Make sure your Will is valid – get the formalities right

A valid Will must be in writing signed by the person making the Will, or by some other person in their presence and by their direction clear that it is intended to be a Will signed in the presence of two or more witnesses present at the same time signed by the witnesses in the presence of the person making the Will.

Request a medical report on your mental capacity to avoid a challenge to your Will

The validity of a Will can be challenged on the basis that a person lacked the necessary mental capacity to make their Will. It is useful to obtain a medical report from your a GP or other medical practitioner to confirm that you do have testamentary capacity. This is particularly relevant if you are taking medication or suffer from dementia, for example. The report should be provided close to the date you intend to make your Will.

Beware of the risk of undue influence claims against your Will

Undue influence or fraud invalidates a Will. The best step to avoid this type of claim is to ensure that anyone who benefits under the Will is not involved in the Will making process. If you are using a lawyer, arrange the appointment yourself, attend the appointment alone and be clear that the wishes are your own.

Avoid possible claims under the Inheritance Act

The court has power to order a different distribution of your estate if it decides that your Will fails to make reasonable financial provision for spouse/civil partner or former spouse/civil partner cohabiting partner child or step-child (including adult children) anyone financially looked after by the deceased. If you are considering excluding or limiting the provision for any one of the above you should provide detailed reasons why.

Keep your Will in a safe place and let your executors know where they can find it

If your Will is not located when the estate is administered, it may not be divided as you wish because either an earlier Will or intestacy rules (where there is no Will) would instead come into play. Your lawyer can store your Will on your behalf and inform your executors where it is kept.

Keep detailed records of your wishes in your Will

If you are making major changes to your Will, give clear verifiable statements detailing the reasons behind your wishes that your lawyer can record. This will reduce the likelihood of a successful claim against your Will.

If you leave unequal inheritance to your children, let them know why

If you intend to leave unequal inheritance to children or stepchildren or direct your estate elsewhere, consider informing them during your lifetime. Explaining the reasoning behind your actions will mean they can plan ahead, knowing what they will expect to receive financially from your Will.
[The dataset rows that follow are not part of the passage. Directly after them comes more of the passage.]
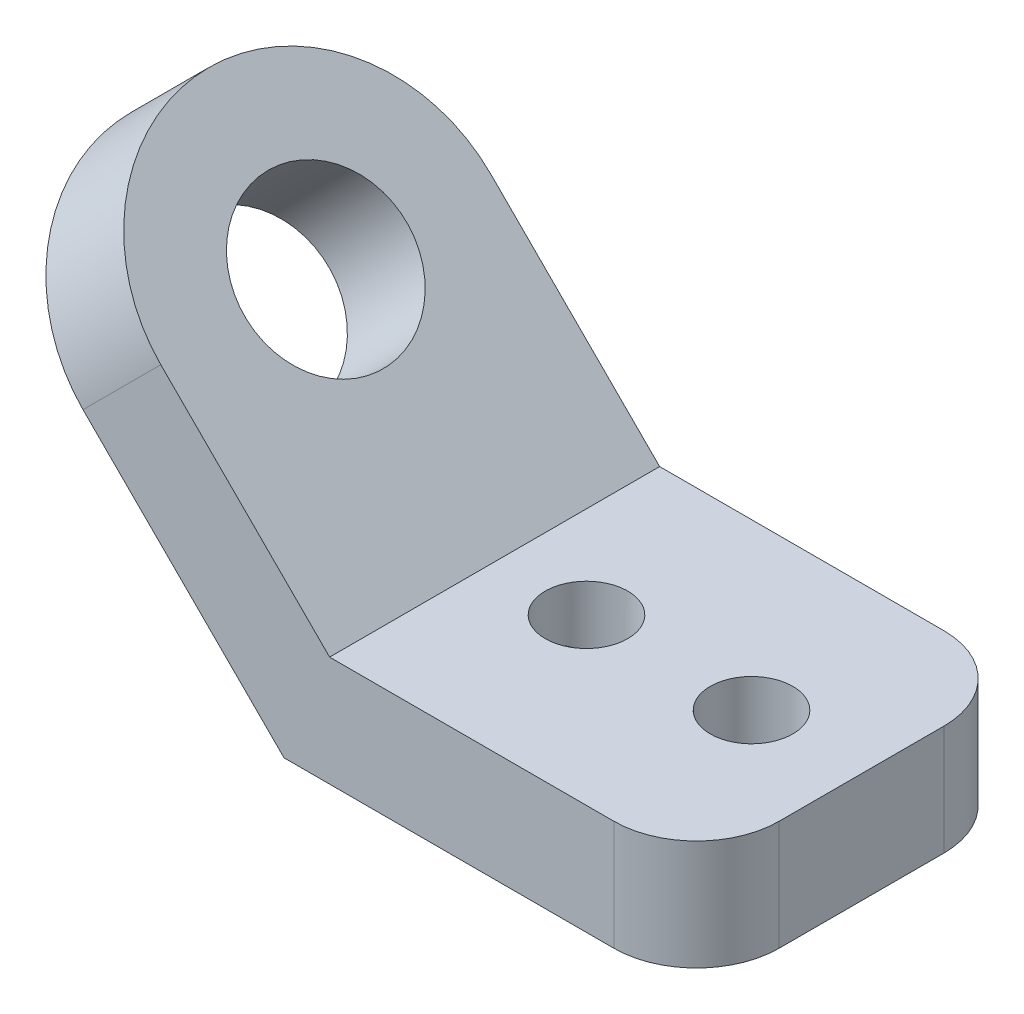
ISO-10303-21;
HEADER;
FILE_DESCRIPTION(('STEP AP214'),'2;1');
FILE_NAME('part.step','',(''),(''),'','','');
FILE_SCHEMA(('AUTOMOTIVE_DESIGN { 1 0 10303 214 1 1 1 1 }'));
ENDSEC;
DATA;
#1=APPLICATION_CONTEXT('core data for automotive mechanical design processes');
#2=APPLICATION_PROTOCOL_DEFINITION('international standard','automotive_design',2000,#1);
#3=PRODUCT_CONTEXT('',#1,'mechanical');
#4=PRODUCT('Part','Part','',(#3));
#5=PRODUCT_RELATED_PRODUCT_CATEGORY('part','',(#4));
#6=PRODUCT_DEFINITION_FORMATION('','',#4);
#7=PRODUCT_DEFINITION_CONTEXT('part definition',#1,'design');
#8=PRODUCT_DEFINITION('design','',#6,#7);
#9=PRODUCT_DEFINITION_SHAPE('','',#8);
#10=(LENGTH_UNIT() NAMED_UNIT(*) SI_UNIT(.MILLI.,.METRE.));
#11=(NAMED_UNIT(*) PLANE_ANGLE_UNIT() SI_UNIT($,.RADIAN.));
#12=(NAMED_UNIT(*) SI_UNIT($,.STERADIAN.) SOLID_ANGLE_UNIT());
#13=UNCERTAINTY_MEASURE_WITH_UNIT(LENGTH_MEASURE(1.E-05),#10,'distance_accuracy_value','');
#14=(GEOMETRIC_REPRESENTATION_CONTEXT(3) GLOBAL_UNCERTAINTY_ASSIGNED_CONTEXT((#13)) GLOBAL_UNIT_ASSIGNED_CONTEXT((#10,
#11,#12)) REPRESENTATION_CONTEXT('',''));
#15=CARTESIAN_POINT('',(0.,0.,0.));
#16=DIRECTION('',(0.,0.,1.));
#17=DIRECTION('',(1.,0.,0.));
#18=AXIS2_PLACEMENT_3D('',#15,#16,#17);
#19=CARTESIAN_POINT('',(-0.915,2.,0.));
#20=DIRECTION('',(0.,-1.,0.));
#21=DIRECTION('',(0.,0.,-1.));
#22=AXIS2_PLACEMENT_3D('',#19,#20,#21);
#23=CYLINDRICAL_SURFACE('',#22,0.750000000000001);
#24=CARTESIAN_POINT('',(-0.915,2.,0.));
#25=DIRECTION('',(0.,1.,0.));
#26=DIRECTION('',(0.,0.,1.));
#27=AXIS2_PLACEMENT_3D('',#24,#25,#26);
#28=CIRCLE('',#27,0.750000000000001);
#29=CARTESIAN_POINT('',(-0.915,2.,0.750000000000001));
#30=VERTEX_POINT('',#29);
#31=EDGE_CURVE('E166',#30,#30,#28,.T.);
#32=ORIENTED_EDGE('',*,*,#31,.T.);
#33=EDGE_LOOP('',(#32));
#34=FACE_BOUND('',#33,.T.);
#35=CARTESIAN_POINT('',(-0.915,0.,0.));
#36=DIRECTION('',(0.,1.,0.));
#37=DIRECTION('',(0.,0.,1.));
#38=AXIS2_PLACEMENT_3D('',#35,#36,#37);
#39=CIRCLE('',#38,0.750000000000001);
#40=CARTESIAN_POINT('',(-0.584999999999978,0.,0.673498329619299));
#41=VERTEX_POINT('',#40);
#42=CARTESIAN_POINT('',(-0.584999999999978,0.,-0.673498329619299));
#43=VERTEX_POINT('',#42);
#44=EDGE_CURVE('E163',#41,#43,#39,.T.);
#45=ORIENTED_EDGE('',*,*,#44,.F.);
#46=CARTESIAN_POINT('',(-0.915,0.33000000000002,0.));
#47=DIRECTION('',(-0.707106781186544,-0.707106781186551,0.));
#48=DIRECTION('',(0.707106781186551,-0.707106781186544,0.));
#49=AXIS2_PLACEMENT_3D('',#46,#47,#48);
#50=ELLIPSE('',#49,1.06066017177982,0.750000000000001);
#51=EDGE_CURVE('E11',#41,#43,#50,.T.);
#52=ORIENTED_EDGE('',*,*,#51,.T.);
#53=EDGE_LOOP('',(#45,#52));
#54=FACE_BOUND('',#53,.T.);
#55=ADVANCED_FACE('F37',(#34,#54),#23,.F.);
#56=CARTESIAN_POINT('',(2.585,2.,1.5));
#57=DIRECTION('',(0.,-1.,0.));
#58=DIRECTION('',(0.,0.,-1.));
#59=AXIS2_PLACEMENT_3D('',#56,#57,#58);
#60=PLANE('',#59);
#61=DIRECTION('',(0.,0.,1.));
#62=VECTOR('',#61,1.);
#63=CARTESIAN_POINT('',(-2.585,2.,-3.));
#64=LINE('',#63,#62);
#65=CARTESIAN_POINT('',(-2.585,2.,-3.));
#66=VERTEX_POINT('',#65);
#67=CARTESIAN_POINT('',(-2.585,2.,3.));
#68=VERTEX_POINT('',#67);
#69=EDGE_CURVE('E171',#66,#68,#64,.T.);
#70=ORIENTED_EDGE('',*,*,#69,.T.);
#71=DIRECTION('',(1.,0.,0.));
#72=VECTOR('',#71,1.);
#73=CARTESIAN_POINT('',(2.585,2.,3.));
#74=LINE('',#73,#72);
#75=CARTESIAN_POINT('',(2.585,2.,3.));
#76=VERTEX_POINT('',#75);
#77=EDGE_CURVE('E88',#68,#76,#74,.T.);
#78=ORIENTED_EDGE('',*,*,#77,.T.);
#79=CARTESIAN_POINT('',(2.585,2.,1.5));
#80=DIRECTION('',(0.,1.,0.));
#81=DIRECTION('',(0.,0.,-1.));
#82=AXIS2_PLACEMENT_3D('',#79,#80,#81);
#83=CIRCLE('',#82,1.5);
#84=CARTESIAN_POINT('',(4.085,2.,1.5));
#85=VERTEX_POINT('',#84);
#86=EDGE_CURVE('E174',#76,#85,#83,.T.);
#87=ORIENTED_EDGE('',*,*,#86,.T.);
#88=DIRECTION('',(0.,0.,-1.));
#89=VECTOR('',#88,1.);
#90=CARTESIAN_POINT('',(4.085,2.,-1.5));
#91=LINE('',#90,#89);
#92=CARTESIAN_POINT('',(4.085,2.,-1.5));
#93=VERTEX_POINT('',#92);
#94=EDGE_CURVE('E176',#85,#93,#91,.T.);
#95=ORIENTED_EDGE('',*,*,#94,.T.);
#96=CARTESIAN_POINT('',(2.585,2.,-1.5));
#97=DIRECTION('',(0.,1.,0.));
#98=DIRECTION('',(0.,0.,-1.));
#99=AXIS2_PLACEMENT_3D('',#96,#97,#98);
#100=CIRCLE('',#99,1.5);
#101=CARTESIAN_POINT('',(2.585,2.,-3.));
#102=VERTEX_POINT('',#101);
#103=EDGE_CURVE('E60',#93,#102,#100,.T.);
#104=ORIENTED_EDGE('',*,*,#103,.T.);
#105=DIRECTION('',(-1.,0.,0.));
#106=VECTOR('',#105,1.);
#107=CARTESIAN_POINT('',(-2.585,2.,-3.));
#108=LINE('',#107,#106);
#109=EDGE_CURVE('E179',#102,#66,#108,.T.);
#110=ORIENTED_EDGE('',*,*,#109,.T.);
#111=EDGE_LOOP('',(#70,#78,#87,#95,#104,#110));
#112=FACE_BOUND('',#111,.T.);
#113=ORIENTED_EDGE('',*,*,#31,.F.);
#114=EDGE_LOOP('',(#113));
#115=FACE_BOUND('',#114,.T.);
#116=CARTESIAN_POINT('',(2.085,2.,0.));
#117=DIRECTION('',(0.,1.,0.));
#118=DIRECTION('',(0.,0.,1.));
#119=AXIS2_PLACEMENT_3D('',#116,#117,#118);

Instruct a regulated professional to write your Will

If you use a DIY Will, or use a non regulated individual or company to prepare your Will, there is an increased risk that your Will may be challenged. A regulated professional, such as a lawyer, will explain your options and help you make decisions putting your best interests first.

Don’t forget about updating your Will

Many Will and inheritance disputes arise because of an out of date Will. Your circumstances often change and your Will should reflect this. Make sure you regularly check and updated your Will after marriage or divorce after the birth or marriage of children or grandchildren after moving house every few years.

The contents of this article are intended for general information purposes only and shall not be deemed to be, or constitute legal advice. We cannot accept responsibility for any loss as a result of acts or omissions taken in respect of this article.